12. **under.five.deaths -** This column has Numeric data-type. It records the number of under-five deaths per 1000 population with the range from 0 to 2500 with mean at 42.04.It does not have any null values.
13. **Polio -** This column has numeric data varying from 3 to 99 with 19 null values. It is define as Polio (Pol3) immunization coverage among 1-year-olds (%).
14. **Total.expenditure -** This column has numeric data varying from 0.370 to 17.6 with 226 null values.
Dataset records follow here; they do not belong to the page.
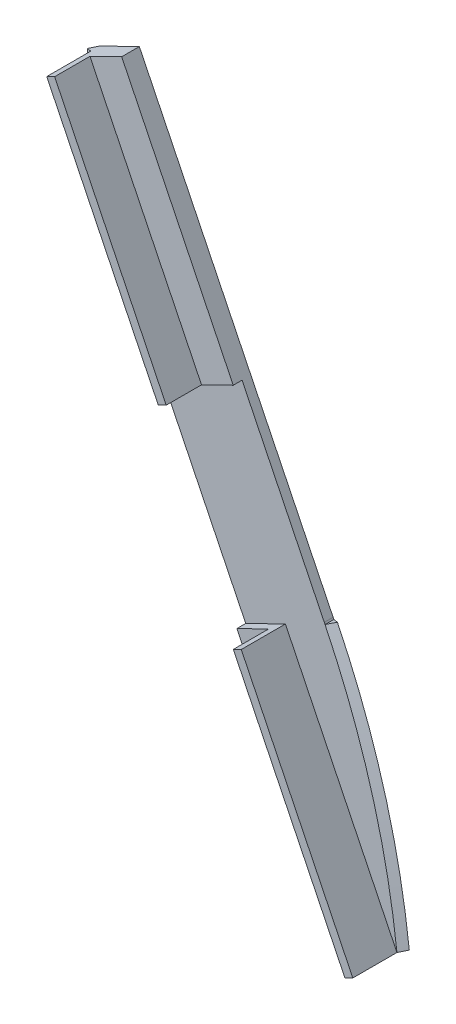
ISO-10303-21;
HEADER;
FILE_DESCRIPTION(('STEP AP214'),'2;1');
FILE_NAME('part.step','',(''),(''),'','','');
FILE_SCHEMA(('AUTOMOTIVE_DESIGN { 1 0 10303 214 1 1 1 1 }'));
ENDSEC;
DATA;
#1=APPLICATION_CONTEXT('core data for automotive mechanical design processes');
#2=APPLICATION_PROTOCOL_DEFINITION('international standard','automotive_design',2000,#1);
#3=PRODUCT_CONTEXT('',#1,'mechanical');
#4=PRODUCT('Part','Part','',(#3));
#5=PRODUCT_RELATED_PRODUCT_CATEGORY('part','',(#4));
#6=PRODUCT_DEFINITION_FORMATION('','',#4);
#7=PRODUCT_DEFINITION_CONTEXT('part definition',#1,'design');
#8=PRODUCT_DEFINITION('design','',#6,#7);
#9=PRODUCT_DEFINITION_SHAPE('','',#8);
#10=(LENGTH_UNIT() NAMED_UNIT(*) SI_UNIT(.MILLI.,.METRE.));
#11=(NAMED_UNIT(*) PLANE_ANGLE_UNIT() SI_UNIT($,.RADIAN.));
#12=(NAMED_UNIT(*) SI_UNIT($,.STERADIAN.) SOLID_ANGLE_UNIT());
#13=UNCERTAINTY_MEASURE_WITH_UNIT(LENGTH_MEASURE(1.E-05),#10,'distance_accuracy_value','');
#14=(GEOMETRIC_REPRESENTATION_CONTEXT(3) GLOBAL_UNCERTAINTY_ASSIGNED_CONTEXT((#13)) GLOBAL_UNIT_ASSIGNED_CONTEXT((#10,
#11,#12)) REPRESENTATION_CONTEXT('',''));
#15=CARTESIAN_POINT('',(0.,0.,0.));
#16=DIRECTION('',(0.,0.,1.));
#17=DIRECTION('',(1.,0.,0.));
#18=AXIS2_PLACEMENT_3D('',#15,#16,#17);
#19=CARTESIAN_POINT('',(541.281171858888,168.838199082787,737.));
#20=DIRECTION('',(0.,0.,-1.));
#21=DIRECTION('',(0.438371146789082,-0.898794046299165,0.));
#22=AXIS2_PLACEMENT_3D('',#19,#20,#21);
#23=PLANE('',#22);
#24=DIRECTION('',(0.898794046299165,0.438371146789082,0.));
#25=VECTOR('',#24,1.);
#26=CARTESIAN_POINT('',(99.8110952294884,-45.1752745496518,737.));
#27=LINE('',#26,#25);
#28=CARTESIAN_POINT('',(99.8110952294884,-45.1752745496518,737.));
#29=VERTEX_POINT('',#28);
#30=CARTESIAN_POINT('',(126.774916618463,-32.0241401459793,737.));
#31=VERTEX_POINT('',#30);
#32=EDGE_CURVE('E604',#29,#31,#27,.T.);
#33=ORIENTED_EDGE('',*,*,#32,.F.);
#34=DIRECTION('',(0.438371146789082,-0.898794046299165,0.));
#35=VECTOR('',#34,1.);
#36=CARTESIAN_POINT('',(23.9728868349773,110.316095460104,737.));
#37=LINE('',#36,#35);
#38=CARTESIAN_POINT('',(23.9728868349773,110.316095460104,737.));
#39=VERTEX_POINT('',#38);
#40=EDGE_CURVE('E633',#39,#29,#37,.T.);
#41=ORIENTED_EDGE('',*,*,#40,.F.);
#42=CARTESIAN_POINT('',(23.9728868349773,110.316095460104,737.));
#43=CARTESIAN_POINT('',(30.5996850451975,51.7382692180576,737.));
#44=CARTESIAN_POINT('',(47.1278272447323,-5.2875613642423,737.));
#45=CARTESIAN_POINT('',(72.8484642933743,-58.325831649288,737.));
#46=B_SPLINE_CURVE_WITH_KNOTS('',3,(#42,#43,#44,#45),.UNSPECIFIED.,.F.,.F.,(4,4),(0.,1.),.UNSPECIFIED.);
#47=CARTESIAN_POINT('',(72.8484642933743,-58.325831649288,737.));
#48=VERTEX_POINT('',#47);
#49=EDGE_CURVE('E522',#39,#48,#46,.T.);
#50=ORIENTED_EDGE('',*,*,#49,.T.);
#51=CARTESIAN_POINT('',(541.281171858888,168.838199082787,737.));
#52=DIRECTION('',(0.,0.,-1.));
#53=DIRECTION('',(-0.898794046299165,-0.438371146789081,0.));
#54=AXIS2_PLACEMENT_3D('',#51,#52,#53);
#55=CIRCLE('',#54,520.608008358308);
#56=CARTESIAN_POINT('',(73.3617934907751,-59.3813305688237,737.));
#57=VERTEX_POINT('',#56);
#58=EDGE_CURVE('E698',#57,#48,#55,.T.);
#59=ORIENTED_EDGE('',*,*,#58,.F.);
#60=DIRECTION('',(-0.438371146789082,0.898794046299165,0.));
#61=VECTOR('',#60,1.);
#62=CARTESIAN_POINT('',(101.056549710641,-116.163995638017,737.));
#63=LINE('',#62,#61);
#64=CARTESIAN_POINT('',(129.265825580769,-174.00158232271,737.));
#65=VERTEX_POINT('',#64);
#66=EDGE_CURVE('E338',#65,#57,#63,.T.);
#67=ORIENTED_EDGE('',*,*,#66,.F.);
#68=DIRECTION('',(-0.898794046299165,-0.438371146789082,0.));
#69=VECTOR('',#68,1.);
#70=CARTESIAN_POINT('',(156.229646969744,-160.850447919037,737.));
#71=LINE('',#70,#69);
#72=CARTESIAN_POINT('',(156.229646969744,-160.850447919037,737.));
#73=VERTEX_POINT('',#72);
#74=EDGE_CURVE('E655',#73,#65,#71,.T.);
#75=ORIENTED_EDGE('',*,*,#74,.F.);
#76=DIRECTION('',(-0.438371146789082,0.898794046299165,0.));
#77=VECTOR('',#76,1.);
#78=CARTESIAN_POINT('',(232.067855364255,-316.341817928793,737.));
#79=LINE('',#78,#77);
#80=CARTESIAN_POINT('',(232.067855364255,-316.341817928793,737.));
#81=VERTEX_POINT('',#80);
#82=EDGE_CURVE('E378',#81,#73,#79,.T.);
#83=ORIENTED_EDGE('',*,*,#82,.F.);
#84=CARTESIAN_POINT('',(232.067855364255,-316.341817928793,737.));
#85=CARTESIAN_POINT('',(225.441057154035,-257.763991686746,737.));
#86=CARTESIAN_POINT('',(208.9129149545,-200.738161104447,737.));
#87=CARTESIAN_POINT('',(183.192277905858,-147.699890819401,737.));
#88=B_SPLINE_CURVE_WITH_KNOTS('',3,(#84,#85,#86,#87),.UNSPECIFIED.,.F.,.F.,(4,4),(0.,1.),.UNSPECIFIED.);
#89=CARTESIAN_POINT('',(183.192277905858,-147.699890819401,737.));
#90=VERTEX_POINT('',#89);
#91=EDGE_CURVE('E274',#81,#90,#88,.T.);
#92=ORIENTED_EDGE('',*,*,#91,.T.);
#93=CARTESIAN_POINT('',(-285.240429659655,-374.863921551476,737.));
#94=DIRECTION('',(0.,0.,-1.));
#95=DIRECTION('',(0.438371146789082,-0.898794046299165,0.));
#96=AXIS2_PLACEMENT_3D('',#93,#94,#95);
#97=CIRCLE('',#96,520.608008358308);
#98=CARTESIAN_POINT('',(182.678948708457,-146.644391899865,737.));
#99=VERTEX_POINT('',#98);
#100=EDGE_CURVE('E330',#99,#90,#97,.T.);
#101=ORIENTED_EDGE('',*,*,#100,.F.);
#102=DIRECTION('',(0.438371146789082,-0.898794046299165,0.));
#103=VECTOR('',#102,1.);
#104=CARTESIAN_POINT('',(154.984192488591,-89.861726830672,737.));
#105=LINE('',#104,#103);
#106=EDGE_CURVE('E339',#31,#99,#105,.T.);
#107=ORIENTED_EDGE('',*,*,#106,.F.);
#108=EDGE_LOOP('',(#33,#41,#50,#59,#67,#75,#83,#92,#101,#107));
#109=FACE_BOUND('',#108,.T.);
#110=ADVANCED_FACE('F134',(#109),#23,.F.);
#111=CARTESIAN_POINT('',(541.281171858888,168.838199082787,737.));
#112=DIRECTION('',(0.,0.,-1.));
#113=DIRECTION('',(0.438371146789082,-0.898794046299165,0.));
#114=AXIS2_PLACEMENT_3D('',#111,#112,#113);
#115=CYLINDRICAL_SURFACE('',#114,520.608008358308);
#116=DIRECTION('',(0.,0.,1.));
#117=VECTOR('',#116,1.);
#118=CARTESIAN_POINT('',(72.8472738405134,-58.3264089533242,731.));
#119=LINE('',#118,#117);
#120=CARTESIAN_POINT('',(72.848461990243,-58.3258294568053,731.));
#121=VERTEX_POINT('',#120);
#122=EDGE_CURVE('E521',#121,#48,#119,.T.);
#123=ORIENTED_EDGE('',*,*,#122,.F.);
#124=CARTESIAN_POINT('',(541.281171858888,168.838199082787,731.));
#125=DIRECTION('',(0.,0.,-1.));
#126=DIRECTION('',(0.438371146789082,-0.898794046299165,0.));
#127=AXIS2_PLACEMENT_3D('',#124,#125,#126);
#128=CIRCLE('',#127,520.608008358308);
#129=CARTESIAN_POINT('',(73.3617934907752,-59.3813305688239,731.));
#130=VERTEX_POINT('',#129);
#131=EDGE_CURVE('E789',#130,#121,#128,.T.);
#132=ORIENTED_EDGE('',*,*,#131,.F.);
#133=DIRECTION('',(0.,0.,1.));
#134=VECTOR('',#133,1.);
#135=CARTESIAN_POINT('',(73.3617934907753,-59.3813305688241,731.));
#136=LINE('',#135,#134);
#137=EDGE_CURVE('E147',#130,#57,#136,.T.);
#138=ORIENTED_EDGE('',*,*,#137,.T.);
#139=ORIENTED_EDGE('',*,*,#58,.T.);
#140=EDGE_LOOP('',(#123,#132,#138,#139));
#141=FACE_BOUND('',#140,.T.);
#142=ADVANCED_FACE('F321',(#141),#115,.T.);
#143=CARTESIAN_POINT('',(205.10403397528,-329.492952332465,737.));
#144=DIRECTION('',(0.438371146789082,-0.898794046299165,0.));
#145=DIRECTION('',(0.,0.,1.));
#146=AXIS2_PLACEMENT_3D('',#143,#144,#145);
#147=PLANE('',#146);
#148=DIRECTION('',(-0.898794046299165,-0.438371146789082,0.));
#149=VECTOR('',#148,1.);
#150=CARTESIAN_POINT('',(205.10403397528,-329.492952332465,731.));
#151=LINE('',#150,#149);
#152=CARTESIAN_POINT('',(232.067855364255,-316.341817928793,731.));
#153=VERTEX_POINT('',#152);
#154=CARTESIAN_POINT('',(205.10403397528,-329.492952332465,731.));
#155=VERTEX_POINT('',#154);
#156=EDGE_CURVE('E301',#153,#155,#151,.T.);
#157=ORIENTED_EDGE('',*,*,#156,.F.);
#158=DIRECTION('',(0.803905834118811,0.39209107343797,0.447213595499958));
#159=VECTOR('',#158,1.);
#160=CARTESIAN_POINT('',(232.067855364255,-316.341817928793,731.));
#161=LINE('',#160,#159);
#162=CARTESIAN_POINT('',(237.46061964205,-313.711591048058,734.));
#163=VERTEX_POINT('',#162);
#164=EDGE_CURVE('E281',#153,#163,#161,.T.);
#165=ORIENTED_EDGE('',*,*,#164,.T.);
#166=DIRECTION('',(-0.803905834118811,-0.39209107343797,0.447213595499958));
#167=VECTOR('',#166,1.);
#168=CARTESIAN_POINT('',(232.067855364255,-316.341817928793,737.));
#169=LINE('',#168,#167);
#170=EDGE_CURVE('E267',#163,#81,#169,.T.);
#171=ORIENTED_EDGE('',*,*,#170,.T.);
#172=DIRECTION('',(0.,0.,-1.));
#173=VECTOR('',#172,1.);
#174=CARTESIAN_POINT('',(232.067855364255,-316.341817928793,767.));
#175=LINE('',#174,#173);
#176=CARTESIAN_POINT('',(232.067855364255,-316.341817928793,767.));
#177=VERTEX_POINT('',#176);
#178=EDGE_CURVE('E678',#177,#81,#175,.T.);
#179=ORIENTED_EDGE('',*,*,#178,.F.);
#180=DIRECTION('',(0.898794046299165,0.438371146789082,0.));
#181=VECTOR('',#180,1.);
#182=CARTESIAN_POINT('',(229.371473225358,-317.65693136916,767.));
#183=LINE('',#182,#181);
#184=CARTESIAN_POINT('',(226.67509108646,-318.972044809527,767.));
#185=VERTEX_POINT('',#184);
#186=EDGE_CURVE('E668',#185,#177,#183,.T.);
#187=ORIENTED_EDGE('',*,*,#186,.F.);
#188=DIRECTION('',(0.,0.,1.));
#189=VECTOR('',#188,1.);
#190=CARTESIAN_POINT('',(226.67509108646,-318.972044809527,767.));
#191=LINE('',#190,#189);
#192=CARTESIAN_POINT('',(226.67509108646,-318.972044809527,743.));
#193=VERTEX_POINT('',#192);
#194=EDGE_CURVE('E637',#193,#185,#191,.T.);
#195=ORIENTED_EDGE('',*,*,#194,.F.);
#196=DIRECTION('',(0.898794046299165,0.438371146789082,0.));
#197=VECTOR('',#196,1.);
#198=CARTESIAN_POINT('',(229.371473225358,-317.65693136916,743.));
#199=LINE('',#198,#197);
#200=CARTESIAN_POINT('',(205.10403397528,-329.492952332465,743.));
#201=VERTEX_POINT('',#200);
#202=EDGE_CURVE('E652',#201,#193,#199,.T.);
#203=ORIENTED_EDGE('',*,*,#202,.F.);
#204=DIRECTION('',(0.,0.,-1.));
#205=VECTOR('',#204,1.);
#206=CARTESIAN_POINT('',(205.10403397528,-329.492952332465,737.));
#207=LINE('',#206,#205);
#208=EDGE_CURVE('E679',#201,#155,#207,.T.);
#209=ORIENTED_EDGE('',*,*,#208,.T.);
#210=EDGE_LOOP('',(#157,#165,#171,#179,#187,#195,#203,#209));
#211=FACE_BOUND('',#210,.T.);
#212=ADVANCED_FACE('F298',(#211),#147,.T.);
#213=CARTESIAN_POINT('',(-285.240429659655,-374.863921551476,737.));
#214=DIRECTION('',(0.,0.,-1.));
#215=DIRECTION('',(0.438371146789082,-0.898794046299165,0.));
#216=AXIS2_PLACEMENT_3D('',#213,#214,#215);
#217=CYLINDRICAL_SURFACE('',#216,520.608008358308);
#218=DIRECTION('',(0.,0.,1.));
#219=VECTOR('',#218,1.);
#220=CARTESIAN_POINT('',(183.193468358719,-147.699313515365,731.));
#221=LINE('',#220,#219);
#222=CARTESIAN_POINT('',(183.192280207285,-147.69989301272,731.));
#223=VERTEX_POINT('',#222);
#224=EDGE_CURVE('E155',#223,#90,#221,.T.);
#225=ORIENTED_EDGE('',*,*,#224,.F.);
#226=CARTESIAN_POINT('',(182.678948708457,-146.644391899865,731.));
#227=CARTESIAN_POINT('',(192.416469439502,-166.609268062184,731.));
#228=CARTESIAN_POINT('',(200.418215911782,-187.331582077665,731.));
#229=CARTESIAN_POINT('',(208.41963839983,-208.053057063442,731.));
#230=CARTESIAN_POINT('',(214.62724410855,-229.381939545572,731.));
#231=CARTESIAN_POINT('',(220.834514496107,-250.709669888533,731.));
#232=CARTESIAN_POINT('',(225.202748273277,-272.489801440326,731.));
#233=CARTESIAN_POINT('',(229.570805186664,-294.269051144521,731.));
#234=CARTESIAN_POINT('',(232.067855364255,-316.341817928793,731.));
#235=B_SPLINE_CURVE_WITH_KNOTS('',2,(#226,#227,#228,#229,#230,#231,#232,#233,#234),
.UNSPECIFIED.,.F.,.F.,(3,2,2,2,3),(0.,0.25,0.5,0.75,1.),.UNSPECIFIED.);
#236=CARTESIAN_POINT('',(182.678948708457,-146.644391899865,731.));
#237=VERTEX_POINT('',#236);
#238=EDGE_CURVE('E760',#237,#223,#235,.T.);
#239=ORIENTED_EDGE('',*,*,#238,.F.);
#240=DIRECTION('',(0.,0.,-1.));
#241=VECTOR('',#240,1.);
#242=CARTESIAN_POINT('',(182.678948708457,-146.644391899865,737.));
#243=LINE('',#242,#241);
#244=EDGE_CURVE('E683',#99,#237,#243,.T.);
#245=ORIENTED_EDGE('',*,*,#244,.F.);
#246=ORIENTED_EDGE('',*,*,#100,.T.);
#247=EDGE_LOOP('',(#225,#239,#245,#246));
#248=FACE_BOUND('',#247,.T.);
#249=ADVANCED_FACE('F320',(#248),#217,.T.);
#250=CARTESIAN_POINT('',(261.354858682711,-307.953912359823,731.));
#251=DIRECTION('',(0.,0.,1.));
#252=DIRECTION('',(-0.438371146789082,0.898794046299165,0.));
#253=AXIS2_PLACEMENT_3D('',#250,#251,#252);
#254=PLANE('',#253);
#255=DIRECTION('',(-0.438371146789082,0.898794046299165,0.));
#256=VECTOR('',#255,1.);
#257=CARTESIAN_POINT('',(183.508910435906,-148.346065618017,731.));
#258=LINE('',#257,#256);
#259=CARTESIAN_POINT('',(50.9367082239522,123.467229863776,731.));
#260=VERTEX_POINT('',#259);
#261=EDGE_CURVE('E682',#237,#260,#258,.T.);
#262=ORIENTED_EDGE('',*,*,#261,.F.);
#263=ORIENTED_EDGE('',*,*,#238,.T.);
#264=CARTESIAN_POINT('',(232.067855364255,-316.341817928793,731.));
#265=CARTESIAN_POINT('',(225.441057154035,-257.763991686746,731.));
#266=CARTESIAN_POINT('',(208.9129149545,-200.738161104447,731.));
#267=CARTESIAN_POINT('',(183.192277905858,-147.699890819401,731.));
#268=B_SPLINE_CURVE_WITH_KNOTS('',3,(#264,#265,#266,#267),.UNSPECIFIED.,.F.,.F.,(4,4),(0.,1.),.UNSPECIFIED.);
#269=EDGE_CURVE('E294',#153,#223,#268,.T.);
#270=ORIENTED_EDGE('',*,*,#269,.F.);
#271=ORIENTED_EDGE('',*,*,#156,.T.);
#272=DIRECTION('',(0.438371146789082,-0.898794046299165,0.));
#273=VECTOR('',#272,1.);
#274=CARTESIAN_POINT('',(73.3617934907751,-59.3813305688237,731.));
#275=LINE('',#274,#273);
#276=EDGE_CURVE('E13',#130,#155,#275,.T.);
#277=ORIENTED_EDGE('',*,*,#276,.F.);
#278=ORIENTED_EDGE('',*,*,#131,.T.);
#279=CARTESIAN_POINT('',(23.9728868349773,110.316095460104,731.));
#280=CARTESIAN_POINT('',(30.5996850451975,51.7382692180576,731.));
#281=CARTESIAN_POINT('',(47.1278272447323,-5.2875613642423,731.));
#282=CARTESIAN_POINT('',(72.8484642933743,-58.325831649288,731.));
#283=B_SPLINE_CURVE_WITH_KNOTS('',3,(#279,#280,#281,#282),.UNSPECIFIED.,.F.,.F.,(4,4),(0.,1.),.UNSPECIFIED.);
#284=CARTESIAN_POINT('',(23.9728868349773,110.316095460104,731.));
#285=VERTEX_POINT('',#284);
#286=EDGE_CURVE('E523',#285,#121,#283,.T.);
#287=ORIENTED_EDGE('',*,*,#286,.F.);
#288=DIRECTION('',(-0.898794046299165,-0.438371146789082,0.));
#289=VECTOR('',#288,1.);
#290=CARTESIAN_POINT('',(50.9367082239522,123.467229863776,731.));
#291=LINE('',#290,#289);
#292=EDGE_CURVE('E687',#260,#285,#291,.T.);
#293=ORIENTED_EDGE('',*,*,#292,.F.);
#294=EDGE_LOOP('',(#262,#263,#270,#271,#277,#278,#287,#293));
#295=FACE_BOUND('',#294,.T.);
#296=ADVANCED_FACE('F765',(#295),#254,.F.);
#297=CARTESIAN_POINT('',(73.3617934907753,-59.3813305688241,731.));
#298=DIRECTION('',(-0.898794046299165,-0.438371146789082,0.));
#299=DIRECTION('',(0.438371146789082,-0.898794046299165,0.));
#300=AXIS2_PLACEMENT_3D('',#297,#298,#299);
#301=PLANE('',#300);
#302=ORIENTED_EDGE('',*,*,#276,.T.);
#303=ORIENTED_EDGE('',*,*,#208,.F.);
#304=DIRECTION('',(0.438371146789082,-0.898794046299165,0.));
#305=VECTOR('',#304,1.);
#306=CARTESIAN_POINT('',(205.10403397528,-329.492952332465,743.));
#307=LINE('',#306,#305);
#308=CARTESIAN_POINT('',(129.265825580769,-174.00158232271,743.));
#309=VERTEX_POINT('',#308);
#310=EDGE_CURVE('E648',#309,#201,#307,.T.);
#311=ORIENTED_EDGE('',*,*,#310,.F.);
#312=DIRECTION('',(0.,0.,1.));
#313=VECTOR('',#312,1.);
#314=CARTESIAN_POINT('',(129.265825580769,-174.00158232271,737.));
#315=LINE('',#314,#313);
#316=EDGE_CURVE('E664',#65,#309,#315,.T.);
#317=ORIENTED_EDGE('',*,*,#316,.F.);
#318=ORIENTED_EDGE('',*,*,#66,.T.);
#319=ORIENTED_EDGE('',*,*,#137,.F.);
#320=EDGE_LOOP('',(#302,#303,#311,#317,#318,#319));
#321=FACE_BOUND('',#320,.T.);
#322=ADVANCED_FACE('F497',(#321),#301,.T.);
#323=CARTESIAN_POINT('',(50.9367082239522,123.467229863776,731.));
#324=DIRECTION('',(-0.438371146789082,0.898794046299165,0.));
#325=DIRECTION('',(-0.898794046299165,-0.438371146789082,0.));
#326=AXIS2_PLACEMENT_3D('',#323,#324,#325);
#327=PLANE('',#326);
#328=ORIENTED_EDGE('',*,*,#292,.T.);
#329=DIRECTION('',(-0.803905834118811,-0.39209107343797,0.447213595499958));
#330=VECTOR('',#329,1.);
#331=CARTESIAN_POINT('',(23.9728868349773,110.316095460104,731.));
#332=LINE('',#331,#330);
#333=CARTESIAN_POINT('',(18.5801225571823,107.685868579369,734.));
#334=VERTEX_POINT('',#333);
#335=EDGE_CURVE('E748',#285,#334,#332,.T.);
#336=ORIENTED_EDGE('',*,*,#335,.T.);
#337=DIRECTION('',(0.803905834118811,0.39209107343797,0.447213595499958));
#338=VECTOR('',#337,1.);
#339=CARTESIAN_POINT('',(23.9728868349773,110.316095460104,737.));
#340=LINE('',#339,#338);
#341=EDGE_CURVE('E363',#334,#39,#340,.T.);
#342=ORIENTED_EDGE('',*,*,#341,.T.);
#343=DIRECTION('',(0.,0.,-1.));
#344=VECTOR('',#343,1.);
#345=CARTESIAN_POINT('',(23.9728868349773,110.316095460104,767.));
#346=LINE('',#345,#344);
#347=CARTESIAN_POINT('',(23.9728868349773,110.316095460104,767.));
#348=VERTEX_POINT('',#347);
#349=EDGE_CURVE('E609',#348,#39,#346,.T.);
#350=ORIENTED_EDGE('',*,*,#349,.F.);
#351=DIRECTION('',(-0.898794046299165,-0.438371146789082,0.));
#352=VECTOR('',#351,1.);
#353=CARTESIAN_POINT('',(26.6692689738748,111.631208900471,767.));
#354=LINE('',#353,#352);
#355=CARTESIAN_POINT('',(29.3656511127723,112.946322340838,767.));
#356=VERTEX_POINT('',#355);
#357=EDGE_CURVE('E610',#356,#348,#354,.T.);
#358=ORIENTED_EDGE('',*,*,#357,.F.);
#359=DIRECTION('',(0.,0.,1.));
#360=VECTOR('',#359,1.);
#361=CARTESIAN_POINT('',(29.3656511127723,112.946322340838,767.));
#362=LINE('',#361,#360);
#363=CARTESIAN_POINT('',(29.3656511127723,112.946322340838,743.));
#364=VERTEX_POINT('',#363);
#365=EDGE_CURVE('E586',#364,#356,#362,.T.);
#366=ORIENTED_EDGE('',*,*,#365,.F.);
#367=DIRECTION('',(-0.898794046299165,-0.438371146789082,0.));
#368=VECTOR('',#367,1.);
#369=CARTESIAN_POINT('',(26.6692689738748,111.631208900471,743.));
#370=LINE('',#369,#368);
#371=CARTESIAN_POINT('',(50.9367082239522,123.467229863776,743.));
#372=VERTEX_POINT('',#371);
#373=EDGE_CURVE('E601',#372,#364,#370,.T.);
#374=ORIENTED_EDGE('',*,*,#373,.F.);
#375=DIRECTION('',(0.,0.,1.));
#376=VECTOR('',#375,1.);
#377=CARTESIAN_POINT('',(50.9367082239522,123.467229863776,731.));
#378=LINE('',#377,#376);
#379=EDGE_CURVE('E684',#260,#372,#378,.T.);
#380=ORIENTED_EDGE('',*,*,#379,.F.);
#381=EDGE_LOOP('',(#328,#336,#342,#350,#358,#366,#374,#380));
#382=FACE_BOUND('',#381,.T.);
#383=ADVANCED_FACE('F136',(#382),#327,.T.);
#384=CARTESIAN_POINT('',(183.508910435906,-148.346065618017,731.));
#385=DIRECTION('',(0.898794046299165,0.438371146789082,0.));
#386=DIRECTION('',(-0.438371146789082,0.898794046299165,0.));
#387=AXIS2_PLACEMENT_3D('',#384,#385,#386);
#388=PLANE('',#387);
#389=ORIENTED_EDGE('',*,*,#379,.T.);
#390=DIRECTION('',(-0.438371146789082,0.898794046299165,0.));
#391=VECTOR('',#390,1.);
#392=CARTESIAN_POINT('',(50.9367082239522,123.467229863776,743.));
#393=LINE('',#392,#391);
#394=CARTESIAN_POINT('',(126.774916618463,-32.0241401459793,743.));
#395=VERTEX_POINT('',#394);
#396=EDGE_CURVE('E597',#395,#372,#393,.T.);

It is define as General government expenditure on health as a percentage of total government expenditure (%).
15. **Diphtheria -** This attribute represents Diphtheria tetanus toxoid and pertussis (DTP3) immunization coverage among 1-year-olds(%).
It is a float type attribute which has 19 null values.The value across world ranges from 2% to 99% with a mean of 82.32%
16. **HIV.AIDS -** This attribute represents Deaths per 1000 live births HIV/AIDS (0-4 years). It is a float type attribute that ranges between 0.1 to 50.6, with a mean value of 1.75. There are no nulls
17. **GDP -** This attribute is Gross Domestic Product per capita (in USD). It is a float column with around 448 null values that can be treated with data imputation methods. The mean value is 7483.16 across countries for those 15 years. We might be interested in year-wise mean here.
18. **Population -** This attribute describes Population of the country. it is a an integer type data with 652 null values that can be treated
using mean from subsequent yearly population of that country.
19. **thinness..1.19.years -** This attribute represents Prevalence of malnutrition among children and adolescents for Age 10 to 19 in percentage. It is a float type attribute that varies between 0.1% to 27.7% with a mean of 4.84%. it has 34 null values.
20. **thinness.5.9.years -** This atttribute represents Prevalence of malnutrition among children for Age 5 to 9(%). It is a float % datatype.It varies in data from 0.1% to 28.6% with a mean value of 4.87%. We have around 34 nulls.
21. **Income Composition of resources -** This float type attribute represents Human Development Index in terms of income composition of resources (index ranging from 0 to 1). Our data lies between 0 and 0.95 with a mean value of 0.6. We have 167 null values.
22. **Schooling -** This attributes represents Number of years of Schooling(years). It is a float type attribute that varies between 0 and 20.7 with a mean of 11.99 years. We have around 163 null values that can be treated if required.